# Introduction



## allison (Apr 4, 2006)

Hello everyone. I'm a new member here. I have 3 cats. Cricket, a maine ****, Hanesome, a Himalyan, and Snickers, a munchkin. They are all rescues. 

I also love birds and I have two a Dusky Pionus Parrot named Kei and a Budgie named Sunshine. 

I'll share some pictures. 

Here's Cricket









Hanesome
















and snickers.

















Here are the birdys.
Kei








Sunshine


----------



## Mitts & Tess (Sep 4, 2004)

You will love it here. I enjoyed the pictures of your "rescue" kitties 
and your birds. You can never post too many pictures!

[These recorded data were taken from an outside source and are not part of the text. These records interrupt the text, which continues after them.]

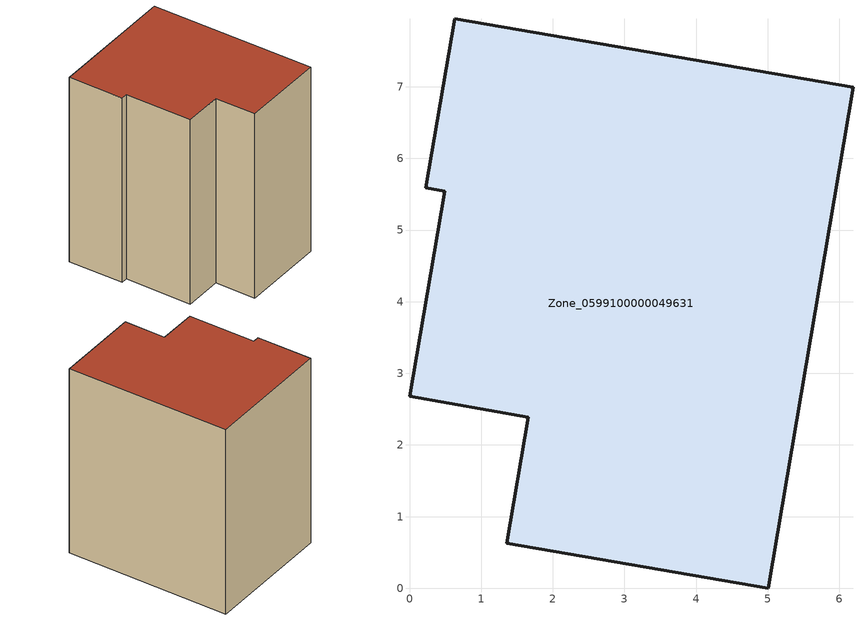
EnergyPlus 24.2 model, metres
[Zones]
Zone_0599100000049631
 floor ground (C_G): 6.19,6.99 5.01,0 1.36,0.63 1.66,2.39 0,2.68 0.49,5.54 0.23,5.59 0.63,7.95 z0
 wall outside (C_F): 5.01,0 6.19,6.99 0.63,7.95 0.23,5.59 0.49,5.54 0,2.68 1.66,2.39 1.36,0.63 5.01,0 z0:8.45
 roof outside (C_R): 1.36,0.63 5.01,0 6.19,6.99 0.63,7.95 0.23,5.59 0.49,5.54 0,2.68 1.66,2.39 z8.45
[BUILDING]
Pand.0599100000049631: North Axis=0; Terrain=City; Loads Convergence Tolerance Value=0.04; Temperature Convergence Tolerance Value=0.4; Solar Distribution=FullExterior; Maximum Number of Warmup Days=25; Minimum Number of Warmup Days=1
[Site:Location]
Rotterdam.The.Hague.AP_ZH_NLD Design_Conditions: Latitude=51.96; Longitude=4.45; Time Zone=1; Elevation=-4.5
[SITE:GROUNDTEMPERATURE:BUILDINGSURFACE]
18, 18, 18, 18, 18, 18, 18, 18, 18, 18, 18, 18
[MATERIAL] Thermal Absorptance=0.9; Solar Absorptance=0.7; Visible Absorptance=0.7
Name | Roughness | Thickness | Conductivity | Density | Specific Heat
G.TI.1975-1991 | MediumSmooth | 0.15 | 0.288461 | 540 | 1210
F.TI.1975-1991 | Rough | 0.3 | 0.230769 | 1920 | 840
R.TI.1975-1991 | MediumRough | 0.2 | 0.153846 | 1500 | 1000
[CONSTRUCTION]
C_G: G.TI.1975-1991
C_F: F.TI.1975-1991
C_R: R.TI.1975-1991
[ZONE]
Zone_0599100000049631: Type=1; Multiplier=1; Ceiling Height=Autocalculate; Volume=Autocalculate; Floor Area=autocalculate; Part of Total Floor Area=Yes
[ZONEINFILTRATION:DESIGNFLOWRATE]
Infil_Zone_0599100000049631: Zone or ZoneList or Space or SpaceList=Zone_0599100000049631; Schedule=AlwaysOn; Design Flow Rate Calculation Method=Flow/Area; Flow Rate per Floor Area=0.003; Constant Term Coefficient=1; Temperature Term Coefficient=0; Velocity Term Coefficient=0; Velocity Squared Term Coefficient=0
[HVACTEMPLATE:ZONE:IDEALLOADSAIRSYSTEM]
Zone_0599100000049631: Maximum Heating Supply Air Temperature=50; Minimum Cooling Supply Air Temperature=13; Maximum Heating Supply Air Humidity Ratio=0.0156; Minimum Cooling Supply Air Humidity Ratio=0.0077; Heating Limit=NoLimit; Cooling Limit=NoLimit; Dehumidification Control Type=ConstantSensibleHeatRatio; Cooling Sensible Heat Ratio=0.7; Dehumidification Setpoint=60; Humidification Control Type=None; Humidification Setpoint=30; Outdoor Air Method=None; Outdoor Air Flow Rate per Person=0.00944; Outdoor Air Flow Rate per Zone Floor Area=0; Outdoor Air Flow Rate per Zone=0; Demand Controlled Ventilation Type=None; Outdoor Air Economizer Type=NoEconomizer; Heat Recovery Type=None; Sensible Heat Recovery Effectiveness=0.7; Latent Heat Recovery Effectiveness=0.65
[ZONECONTROL:THERMOSTAT]
ThermostatControl_Zone_0599100000049631: Zone or ZoneList=Zone_0599100000049631; Control Type Schedule=DualSetpointControlType; Control 1=Thermostat_Zone_0599100000049631; Temperature Difference Between Cutout And Setpoint=0
[THERMOSTATSETPOINT:DUALSETPOINT]
Thermostat_Zone_0599100000049631: Heating Setpoint Temperature Schedule=HeatingSetpoint_Zone_0599100000049631; Cooling Setpoint Temperature Schedule=CoolingSetpoint_Zone_0599100000049631
[SCHEDULE:COMPACT]
HeatingSetpoint_Zone_0599100000049631: Through: 12/31, For: AllDays, Until: 24:00, 21
CoolingSetpoint_Zone_0599100000049631: Through: 12/31, For: AllDays, Until: 24:00, 24
DualSetpointControlType: Through: 12/31, For: AllDays, Until: 24:00, 4
AlwaysOn: Through: 12/31, For: AllDays, Until: 24:00, 1

We love 
to hear all about your fur and feather family!


----------



## kitkat (Sep 22, 2003)

Awww what a cute family of cats / birds! Welcome to the forum Allison


----------



## allison (Apr 4, 2006)

Thank you for the warm welcomes.


----------



## ZAR (Aug 26, 2005)

Hello, and welcome to catforum. Love the photos


----------



## DesnBaby (Apr 18, 2004)

Welcome to the forum  , you have some cute kitties there :wink: , but Cricket doesn't look like a MC to me though :? , maybe you can post a bigger pic? So small  .


----------



## allison (Apr 4, 2006)

Well Cricket isn't for sure one but we think she might be a mix. She weighs 16 pounds and she is trim. She's very tall too. Sorry but I don't have a bigger pic. :roll:


----------



## Jeanie (Jun 18, 2003)

Welcome! You're a real animal lover! It will be great to have you here on the forum.


----------



## allison (Apr 4, 2006)

Thank you. 8)


----------



## Lisa 216 (Oct 25, 2004)

Welcome! Great looking bunch you have there!


----------



## reprot (Nov 11, 2004)

Ok I'll give you my left arm, now can I have Hanesome? Be u di ful as we say in Jersey.


----------